Alert.png The wiki is deprecated and due to be decommissioned by the end of September 2022.
The content is being migrated to other supports, new updates will be ignored and lost.
If needed you can get in touch with EGI SDIS team using operations @ egi.eu.

Tools/Manuals/TS108

From EGIWiki
Jump to navigation Jump to search
Main EGI.eu operations services Support Documentation Tools Activities Performance Technology Catch-all Services Resource Allocation Security


Documentation menu: Home Manuals Procedures Training Other Contact For: VO managers Administrators



Back to Troubleshooting Guide


Software installation tags not published

Background

For each supported VO "xyz" a site should normally define a variable VO_XYZ_SW_DIR giving the path to an area that is shared between all the worker nodes and available for the VO to install VO-specific software etc. Such an area must be writable only for the software managers (traditionally the "sgm" users) of that VO, who therefore need to be mapped to a set of privileged ("sgm") accounts for that VO.
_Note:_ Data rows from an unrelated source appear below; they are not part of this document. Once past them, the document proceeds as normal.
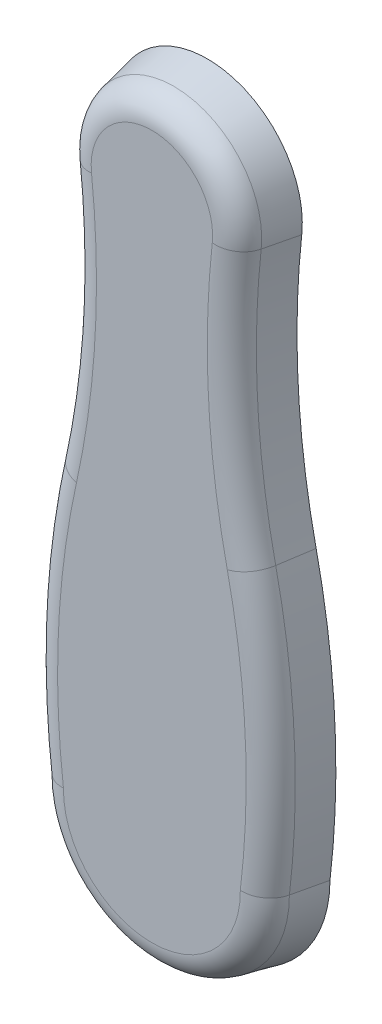
ISO-10303-21;
HEADER;
FILE_DESCRIPTION(('STEP AP214'),'2;1');
FILE_NAME('part.step','',(''),(''),'','','');
FILE_SCHEMA(('AUTOMOTIVE_DESIGN { 1 0 10303 214 1 1 1 1 }'));
ENDSEC;
DATA;
#1=APPLICATION_CONTEXT('core data for automotive mechanical design processes');
#2=APPLICATION_PROTOCOL_DEFINITION('international standard','automotive_design',2000,#1);
#3=PRODUCT_CONTEXT('',#1,'mechanical');
#4=PRODUCT('Part','Part','',(#3));
#5=PRODUCT_RELATED_PRODUCT_CATEGORY('part','',(#4));
#6=PRODUCT_DEFINITION_FORMATION('','',#4);
#7=PRODUCT_DEFINITION_CONTEXT('part definition',#1,'design');
#8=PRODUCT_DEFINITION('design','',#6,#7);
#9=PRODUCT_DEFINITION_SHAPE('','',#8);
#10=(LENGTH_UNIT() NAMED_UNIT(*) SI_UNIT(.MILLI.,.METRE.));
#11=(NAMED_UNIT(*) PLANE_ANGLE_UNIT() SI_UNIT($,.RADIAN.));
#12=(NAMED_UNIT(*) SI_UNIT($,.STERADIAN.) SOLID_ANGLE_UNIT());
#13=UNCERTAINTY_MEASURE_WITH_UNIT(LENGTH_MEASURE(1.E-05),#10,'distance_accuracy_value','');
#14=(GEOMETRIC_REPRESENTATION_CONTEXT(3) GLOBAL_UNCERTAINTY_ASSIGNED_CONTEXT((#13)) GLOBAL_UNIT_ASSIGNED_CONTEXT((#10,
#11,#12)) REPRESENTATION_CONTEXT('',''));
#15=CARTESIAN_POINT('',(0.,0.,0.));
#16=DIRECTION('',(0.,0.,1.));
#17=DIRECTION('',(1.,0.,0.));
#18=AXIS2_PLACEMENT_3D('',#15,#16,#17);
#19=CARTESIAN_POINT('',(-328.083559808091,164.486935028766,20.));
#20=DIRECTION('',(0.,0.,1.));
#21=DIRECTION('',(-1.,0.,0.));
#22=AXIS2_PLACEMENT_3D('',#19,#20,#21);
#23=CONICAL_SURFACE('',#22,300.,0.20943951023932);
#24=DIRECTION('',(-0.203051471258376,0.0446919589916192,-0.978147600733806));
#25=VECTOR('',#24,1.);
#26=CARTESIAN_POINT('',(-35.0964692894199,100.,20.));
#27=LINE('',#26,#25);
#28=CARTESIAN_POINT('',(-36.7407476828377,100.361908348036,12.0791169081776));
#29=VERTEX_POINT('',#28);
#30=CARTESIAN_POINT('',(-39.24822452771,100.913808078824,0.));
#31=VERTEX_POINT('',#30);
#32=EDGE_CURVE('E114',#29,#31,#27,.T.);
#33=ORIENTED_EDGE('',*,*,#32,.F.);
#34=CARTESIAN_POINT('',(-328.083559808091,164.486935028766,12.0791169081775));
#35=DIRECTION('',(0.,0.,-1.));
#36=DIRECTION('',(-1.,0.,0.));
#37=AXIS2_PLACEMENT_3D('',#34,#35,#36);
#38=CIRCLE('',#37,298.316364324612);
#39=CARTESIAN_POINT('',(-31.4996363031634,196.590354508288,12.0791169081776));
#40=VERTEX_POINT('',#39);
#41=EDGE_CURVE('E51',#29,#40,#38,.F.);
#42=ORIENTED_EDGE('',*,*,#41,.T.);
#43=DIRECTION('',(-0.206704265603666,-0.0223744890433036,-0.978147600733806));
#44=VECTOR('',#43,1.);
#45=CARTESIAN_POINT('',(-29.8257781643719,196.77153954807,20.));
#46=LINE('',#45,#44);
#47=CARTESIAN_POINT('',(-34.0522214015397,196.314052579303,0.));
#48=VERTEX_POINT('',#47);
#49=EDGE_CURVE('E140',#40,#48,#46,.T.);
#50=ORIENTED_EDGE('',*,*,#49,.T.);
#51=CARTESIAN_POINT('',(-328.083559808091,164.486935028766,0.));
#52=DIRECTION('',(0.,0.,-1.));
#53=DIRECTION('',(-1.,0.,0.));
#54=AXIS2_PLACEMENT_3D('',#51,#52,#53);
#55=CIRCLE('',#54,295.7488687666);
#56=EDGE_CURVE('E123',#48,#31,#55,.T.);
#57=ORIENTED_EDGE('',*,*,#56,.T.);
#58=EDGE_LOOP('',(#33,#42,#50,#57));
#59=FACE_BOUND('',#58,.T.);
#60=ADVANCED_FACE('F34',(#59),#23,.F.);
#61=CARTESIAN_POINT('',(257.890621229251,35.5130649712339,20.));
#62=DIRECTION('',(0.,0.,-1.));
#63=DIRECTION('',(1.,0.,0.));
#64=AXIS2_PLACEMENT_3D('',#61,#62,#63);
#65=CONICAL_SURFACE('',#64,300.,0.20943951023932);
#66=CARTESIAN_POINT('',(-40.,0.,20.));
#67=CARTESIAN_POINT('',(-40.708515301773,-0.0421104456059323,16.6666804994594));
#68=CARTESIAN_POINT('',(-41.4169712287903,-0.0846628276052535,13.3333540808833));
#69=CARTESIAN_POINT('',(-42.83376433192,-0.170651464306107,6.6666874142166));
#70=CARTESIAN_POINT('',(-43.5421015080326,-0.2140877190059,3.33334716612602));
#71=CARTESIAN_POINT('',(-44.2503793093897,-0.257965910097344,0.));
#72=B_SPLINE_CURVE_WITH_KNOTS('',3,(#66,#67,#68,#69,#70,#71),.UNSPECIFIED.,.F.,.F.,(4,2,4),(0.,
10.2241415124524,20.4482830047947),.UNSPECIFIED.);
#73=CARTESIAN_POINT('',(-41.6835135794539,-0.100889989374131,12.0791169081776));
#74=VERTEX_POINT('',#73);
#75=CARTESIAN_POINT('',(-44.2503793093897,-0.257965910096802,0.));
#76=VERTEX_POINT('',#75);
#77=EDGE_CURVE('E106',#74,#76,#72,.T.);
#78=ORIENTED_EDGE('',*,*,#77,.F.);
#79=CARTESIAN_POINT('',(257.890621229251,35.5130649712339,12.0791169081776));
#80=DIRECTION('',(0.,0.,1.));
#81=DIRECTION('',(1.,0.,0.));
#82=AXIS2_PLACEMENT_3D('',#79,#80,#81);
#83=CIRCLE('',#82,301.683635675388);
#84=EDGE_CURVE('E59',#74,#29,#83,.F.);
#85=ORIENTED_EDGE('',*,*,#84,.T.);
#86=ORIENTED_EDGE('',*,*,#32,.T.);
#87=CARTESIAN_POINT('',(257.890621229251,35.5130649712339,0.));
#88=DIRECTION('',(0.,0.,-1.));
#89=DIRECTION('',(-1.,0.,0.));
#90=AXIS2_PLACEMENT_3D('',#87,#88,#89);
#91=CIRCLE('',#90,304.251131233401);
#92=EDGE_CURVE('E118',#31,#76,#91,.F.);
#93=ORIENTED_EDGE('',*,*,#92,.T.);
#94=EDGE_LOOP('',(#78,#85,#86,#93));
#95=FACE_BOUND('',#94,.T.);
#96=ADVANCED_FACE('F119',(#95),#65,.T.);
#97=CARTESIAN_POINT('',(0.,0.,20.));
#98=DIRECTION('',(0.,0.,-1.));
#99=DIRECTION('',(1.,0.,0.));
#100=AXIS2_PLACEMENT_3D('',#97,#98,#99);
#101=CONICAL_SURFACE('',#100,40.,0.20943951023932);
#102=CARTESIAN_POINT('',(40.,0.,20.));
#103=CARTESIAN_POINT('',(40.7085153017731,-0.0421104456060641,16.6666804994594));
#104=CARTESIAN_POINT('',(41.4169712287903,-0.0846628276055089,13.3333540808833));
#105=CARTESIAN_POINT('',(42.83376433192,-0.17065146430651,6.66668741421661));
#106=CARTESIAN_POINT('',(43.5421015080326,-0.214087719006328,3.33334716612603));
#107=CARTESIAN_POINT('',(44.2503793093897,-0.257965910097746,0.));
#108=B_SPLINE_CURVE_WITH_KNOTS('',3,(#102,#103,#104,#105,#106,#107),.UNSPECIFIED.,.F.,.F.,(4,2,
4),(0.,10.2241415124524,20.4482830047947),.UNSPECIFIED.);
#109=CARTESIAN_POINT('',(41.683513579454,-0.100889989374964,12.0791169081776));
#110=VERTEX_POINT('',#109);
#111=CARTESIAN_POINT('',(44.2503793093897,-0.257965910097621,0.));
#112=VERTEX_POINT('',#111);
#113=EDGE_CURVE('E115',#110,#112,#108,.T.);
#114=ORIENTED_EDGE('',*,*,#113,.F.);
#115=CARTESIAN_POINT('',(0.,0.,12.0791169081776));
#116=DIRECTION('',(0.,0.,1.));
#117=DIRECTION('',(1.,0.,0.));
#118=AXIS2_PLACEMENT_3D('',#115,#116,#117);
#119=CIRCLE('',#118,41.683635675388);
#120=EDGE_CURVE('E43',#110,#74,#119,.F.);
#121=ORIENTED_EDGE('',*,*,#120,.T.);
#122=ORIENTED_EDGE('',*,*,#77,.T.);
#123=CARTESIAN_POINT('',(0.,0.,0.));
#124=DIRECTION('',(0.,0.,-1.));
#125=DIRECTION('',(-1.,0.,0.));
#126=AXIS2_PLACEMENT_3D('',#123,#124,#125);
#127=CIRCLE('',#126,44.2511312334004);
#128=EDGE_CURVE('E111',#76,#112,#127,.F.);
#129=ORIENTED_EDGE('',*,*,#128,.T.);
#130=EDGE_LOOP('',(#114,#121,#122,#129));
#131=FACE_BOUND('',#130,.T.);
#132=ADVANCED_FACE('F109',(#131),#101,.T.);
#133=CARTESIAN_POINT('',(-257.890621229251,35.513064971234,20.));
#134=DIRECTION('',(0.,0.,-1.));
#135=DIRECTION('',(-1.,0.,0.));
#136=AXIS2_PLACEMENT_3D('',#133,#134,#135);
#137=CONICAL_SURFACE('',#136,300.,0.20943951023932);
#138=DIRECTION('',(0.203051471258376,0.0446919589916192,-0.978147600733806));
#139=VECTOR('',#138,1.);
#140=CARTESIAN_POINT('',(35.0964692894198,100.,20.));
#141=LINE('',#140,#139);
#142=CARTESIAN_POINT('',(36.7407476828377,100.361908348036,12.0791169081776));
#143=VERTEX_POINT('',#142);
#144=CARTESIAN_POINT('',(39.24822452771,100.913808078824,0.));
#145=VERTEX_POINT('',#144);
#146=EDGE_CURVE('E133',#143,#145,#141,.T.);
#147=ORIENTED_EDGE('',*,*,#146,.F.);
#148=CARTESIAN_POINT('',(-257.890621229251,35.513064971234,12.0791169081777));
#149=DIRECTION('',(0.,0.,1.));
#150=DIRECTION('',(1.,0.,0.));
#151=AXIS2_PLACEMENT_3D('',#148,#149,#150);
#152=CIRCLE('',#151,301.683635675388);
#153=EDGE_CURVE('E156',#143,#110,#152,.F.);
#154=ORIENTED_EDGE('',*,*,#153,.T.);
#155=ORIENTED_EDGE('',*,*,#113,.T.);
#156=CARTESIAN_POINT('',(-257.890621229251,35.513064971234,0.));
#157=DIRECTION('',(0.,0.,-1.));
#158=DIRECTION('',(-1.,0.,0.));
#159=AXIS2_PLACEMENT_3D('',#156,#157,#158);
#160=CIRCLE('',#159,304.2511312334);
#161=EDGE_CURVE('E128',#112,#145,#160,.F.);
#162=ORIENTED_EDGE('',*,*,#161,.T.);
#163=EDGE_LOOP('',(#147,#154,#155,#162));
#164=FACE_BOUND('',#163,.T.);
#165=ADVANCED_FACE('F219',(#164),#137,.T.);
#166=CARTESIAN_POINT('',(328.08355980809,164.486935028766,20.));
#167=DIRECTION('',(0.,0.,1.));
#168=DIRECTION('',(1.,0.,0.));
#169=AXIS2_PLACEMENT_3D('',#166,#167,#168);
#170=CONICAL_SURFACE('',#169,300.,0.20943951023932);
#171=DIRECTION('',(0.206704265603666,-0.0223744890433035,-0.978147600733806));
#172=VECTOR('',#171,1.);
#173=CARTESIAN_POINT('',(29.8257781643718,196.77153954807,20.));
#174=LINE('',#173,#172);
#175=CARTESIAN_POINT('',(31.4996363031633,196.590354508288,12.0791169081776));
#176=VERTEX_POINT('',#175);
#177=CARTESIAN_POINT('',(34.0522214015396,196.314052579303,0.));
#178=VERTEX_POINT('',#177);
#179=EDGE_CURVE('E226',#176,#178,#174,.T.);
#180=ORIENTED_EDGE('',*,*,#179,.F.);
#181=CARTESIAN_POINT('',(328.08355980809,164.486935028766,12.0791169081776));
#182=DIRECTION('',(0.,0.,-1.));
#183=DIRECTION('',(-1.,0.,0.));
#184=AXIS2_PLACEMENT_3D('',#181,#182,#183);
#185=CIRCLE('',#184,298.316364324612);
#186=EDGE_CURVE('E159',#176,#143,#185,.F.);
#187=ORIENTED_EDGE('',*,*,#186,.T.);
#188=ORIENTED_EDGE('',*,*,#146,.T.);
#189=CARTESIAN_POINT('',(328.08355980809,164.486935028766,0.));
#190=DIRECTION('',(0.,0.,-1.));
#191=DIRECTION('',(-1.,0.,0.));
#192=AXIS2_PLACEMENT_3D('',#189,#190,#191);
#193=CIRCLE('',#192,295.748868766599);
#194=EDGE_CURVE('E130',#145,#178,#193,.T.);
#195=ORIENTED_EDGE('',*,*,#194,.T.);
#196=EDGE_LOOP('',(#180,#187,#188,#195));
#197=FACE_BOUND('',#196,.T.);
#198=ADVANCED_FACE('F216',(#197),#170,.F.);
#199=CARTESIAN_POINT('',(0.,200.,20.));
#200=DIRECTION('',(0.,0.,-1.));
#201=DIRECTION('',(1.,0.,0.));
#202=AXIS2_PLACEMENT_3D('',#199,#200,#201);
#203=CONICAL_SURFACE('',#202,29.9999999999999,0.20943951023932);
#204=ORIENTED_EDGE('',*,*,#49,.F.);
#205=CARTESIAN_POINT('',(0.,200.,12.0791169081776));
#206=DIRECTION('',(0.,0.,1.));
#207=DIRECTION('',(1.,0.,0.));
#208=AXIS2_PLACEMENT_3D('',#205,#206,#207);
#209=CIRCLE('',#208,31.6836356753879);
#210=EDGE_CURVE('E11',#40,#176,#209,.F.);
#211=ORIENTED_EDGE('',*,*,#210,.T.);
#212=ORIENTED_EDGE('',*,*,#179,.T.);
#213=CARTESIAN_POINT('',(0.,200.,0.));
#214=DIRECTION('',(0.,0.,-1.));
#215=DIRECTION('',(-1.,0.,0.));
#216=AXIS2_PLACEMENT_3D('',#213,#214,#215);
#217=CIRCLE('',#216,34.2511312334004);
#218=EDGE_CURVE('E137',#178,#48,#217,.F.);
#219=ORIENTED_EDGE('',*,*,#218,.T.);
#220=EDGE_LOOP('',(#204,#211,#212,#219));
#221=FACE_BOUND('',#220,.T.);
#222=ADVANCED_FACE('F213',(#221),#203,.T.);
#223=CARTESIAN_POINT('',(-35.0964692894199,100.,20.));
#224=DIRECTION('',(0.,0.,-1.));
#225=DIRECTION('',(-1.,0.,0.));
#226=AXIS2_PLACEMENT_3D('',#223,#224,#225);
#227=PLANE('',#226);
#228=CARTESIAN_POINT('',(257.890621229251,35.5130649712339,20.));
#229=DIRECTION('',(0.,0.,-1.));
#230=DIRECTION('',(-1.,0.,0.));
#231=AXIS2_PLACEMENT_3D('',#228,#229,#230);
#232=CIRCLE('',#231,291.90215966805);
#233=CARTESIAN_POINT('',(-27.1879270282772,98.2593169888008,20.));
#234=VERTEX_POINT('',#233);
#235=CARTESIAN_POINT('',(-31.8988833933146,0.457197709391691,20.));
#236=VERTEX_POINT('',#235);
#237=EDGE_CURVE('E147',#234,#236,#232,.F.);
#238=ORIENTED_EDGE('',*,*,#237,.T.);
#239=CARTESIAN_POINT('',(0.,0.,20.));
#240=DIRECTION('',(0.,0.,-1.));
#241=DIRECTION('',(-1.,0.,0.));
#242=AXIS2_PLACEMENT_3D('',#239,#240,#241);
#243=CIRCLE('',#242,31.9021596680499);
#244=CARTESIAN_POINT('',(31.8988833933146,0.457197709391413,20.));
#245=VERTEX_POINT('',#244);
#246=EDGE_CURVE('E154',#236,#245,#243,.F.);
#247=ORIENTED_EDGE('',*,*,#246,.T.);
#248=CARTESIAN_POINT('',(-257.890621229251,35.513064971234,20.));
#249=DIRECTION('',(0.,0.,-1.));
#250=DIRECTION('',(-1.,0.,0.));
#251=AXIS2_PLACEMENT_3D('',#248,#249,#250);
#252=CIRCLE('',#251,291.90215966805);
#253=CARTESIAN_POINT('',(27.1879270282772,98.2593169888008,20.));
#254=VERTEX_POINT('',#253);
#255=EDGE_CURVE('E151',#245,#254,#252,.F.);
#256=ORIENTED_EDGE('',*,*,#255,.T.);
#257=CARTESIAN_POINT('',(328.08355980809,164.486935028766,20.));
#258=DIRECTION('',(0.,0.,-1.));
#259=DIRECTION('',(-1.,0.,0.));
#260=AXIS2_PLACEMENT_3D('',#257,#258,#259);
#261=CIRCLE('',#260,308.09784033195);
#262=CARTESIAN_POINT('',(21.7749651859969,197.642991456661,20.));
#263=VERTEX_POINT('',#262);
#264=EDGE_CURVE('E149',#254,#263,#261,.T.);
#265=ORIENTED_EDGE('',*,*,#264,.T.);
#266=CARTESIAN_POINT('',(0.,200.,20.));
#267=DIRECTION('',(0.,0.,-1.));
#268=DIRECTION('',(-1.,0.,0.));
#269=AXIS2_PLACEMENT_3D('',#266,#267,#268);
#270=CIRCLE('',#269,21.9021596680499);
#271=CARTESIAN_POINT('',(-21.7749651859969,197.642991456661,20.));
#272=VERTEX_POINT('',#271);
#273=EDGE_CURVE('E143',#263,#272,#270,.F.);
#274=ORIENTED_EDGE('',*,*,#273,.T.);
#275=CARTESIAN_POINT('',(-328.083559808091,164.486935028766,20.));
#276=DIRECTION('',(0.,0.,-1.));
#277=DIRECTION('',(-1.,0.,0.));
#278=AXIS2_PLACEMENT_3D('',#275,#276,#277);
#279=CIRCLE('',#278,308.09784033195);
#280=EDGE_CURVE('E145',#272,#234,#279,.T.);
#281=ORIENTED_EDGE('',*,*,#280,.T.);
#282=EDGE_LOOP('',(#238,#247,#256,#265,#274,#281));
#283=FACE_BOUND('',#282,.T.);
#284=ADVANCED_FACE('F215',(#283),#227,.F.);
#285=CARTESIAN_POINT('',(-35.0964692894199,100.,0.));
#286=DIRECTION('',(0.,0.,-1.));
#287=DIRECTION('',(-1.,0.,0.));
#288=AXIS2_PLACEMENT_3D('',#285,#286,#287);
#289=PLANE('',#288);
#290=ORIENTED_EDGE('',*,*,#56,.F.);
#291=ORIENTED_EDGE('',*,*,#218,.F.);
#292=ORIENTED_EDGE('',*,*,#194,.F.);
#293=ORIENTED_EDGE('',*,*,#161,.F.);
#294=ORIENTED_EDGE('',*,*,#128,.F.);
#295=ORIENTED_EDGE('',*,*,#92,.F.);
#296=EDGE_LOOP('',(#290,#291,#292,#293,#294,#295));
#297=FACE_BOUND('',#296,.T.);
#298=ADVANCED_FACE('F125',(#297),#289,.T.);
#299=CARTESIAN_POINT('',(-328.083559808091,164.486935028766,9.99999999999997));
#300=DIRECTION('',(0.,0.,-1.));
#301=DIRECTION('',(-1.,0.,0.));
#302=AXIS2_PLACEMENT_3D('',#299,#300,#301);
#303=TOROIDAL_SURFACE('',#302,308.09784033195,10.);
#304=CARTESIAN_POINT('',(-21.774965185997,197.642991456661,10.));
#305=DIRECTION('',(-0.107615348397678,0.994192605479063,0.));
#306=DIRECTION('',(-0.994192605479062,-0.107615348397678,0.));
#307=AXIS2_PLACEMENT_3D('',#304,#305,#306);
#308=CIRCLE('',#307,10.);
#309=EDGE_CURVE('E194',#40,#272,#308,.T.);
#310=ORIENTED_EDGE('',*,*,#309,.F.);
#311=ORIENTED_EDGE('',*,*,#41,.F.);
#312=CARTESIAN_POINT('',(-27.1879270282772,98.2593169888008,10.));
#313=DIRECTION('',(-0.214956450095886,-0.976623635062236,0.));
#314=DIRECTION('',(0.976623635062236,-0.214956450095887,0.));
#315=AXIS2_PLACEMENT_3D('',#312,#313,#314);
#316=CIRCLE('',#315,10.);
#317=EDGE_CURVE('E38',#234,#29,#316,.T.);
#318=ORIENTED_EDGE('',*,*,#317,.F.);
#319=ORIENTED_EDGE('',*,*,#280,.F.);
#320=EDGE_LOOP('',(#310,#311,#318,#319));
#321=FACE_BOUND('',#320,.T.);
#322=ADVANCED_FACE('F36',(#321),#303,.T.);
#323=CARTESIAN_POINT('',(257.890621229251,35.5130649712339,10.));
#324=DIRECTION('',(0.,0.,-1.));
#325=DIRECTION('',(-1.,0.,0.));
#326=AXIS2_PLACEMENT_3D('',#323,#324,#325);
#327=TOROIDAL_SURFACE('',#326,291.90215966805,10.);
#328=ORIENTED_EDGE('',*,*,#317,.T.);
#329=ORIENTED_EDGE('',*,*,#84,.F.);
#330=CARTESIAN_POINT('',(-41.683513579454,-0.100889989374131,12.0791169081776));
#331=CARTESIAN_POINT('',(-41.6251206091379,-0.097360791916975,12.3540199172253));
#332=CARTESIAN_POINT('',(-41.5550848937644,-0.0931299627722813,12.6264345778957));
#333=CARTESIAN_POINT('',(-41.3923628755233,-0.0833142968796569,13.1643726897803));
#334=CARTESIAN_POINT('',(-41.2996777811654,-0.0777295323741782,13.4298965078352));
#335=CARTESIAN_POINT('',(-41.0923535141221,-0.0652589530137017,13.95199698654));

When a software manager has installed a particular software package, it is normal (but not required) to let each CE of the site publish the availability of that software, such that a user job can be matched to sites that have a particular software installed that is required by the job. The software manager can use the lcg-tags or lcg-ManageVOTag utility to let a CE publish a tag for each distinct software package that is available on that CE, according to conventions mostly defined by the VO itself.

The tags are stored in text files named $vo.list that traditionally are located under /opt/edg/var/info/$vo for LCG-CE and gLite-CREAM services, while /opt/glite/var/info/$subcluster/$vo may be used at sites that have multiple batch system subclusters or have EMI-CREAM services. (A subcluster is a disjoint set of worker nodes that are of sufficiently homogeneous types: same CPU architecture and OS, but the CPU speed, the amount of memory or the disk space per machine might vary.)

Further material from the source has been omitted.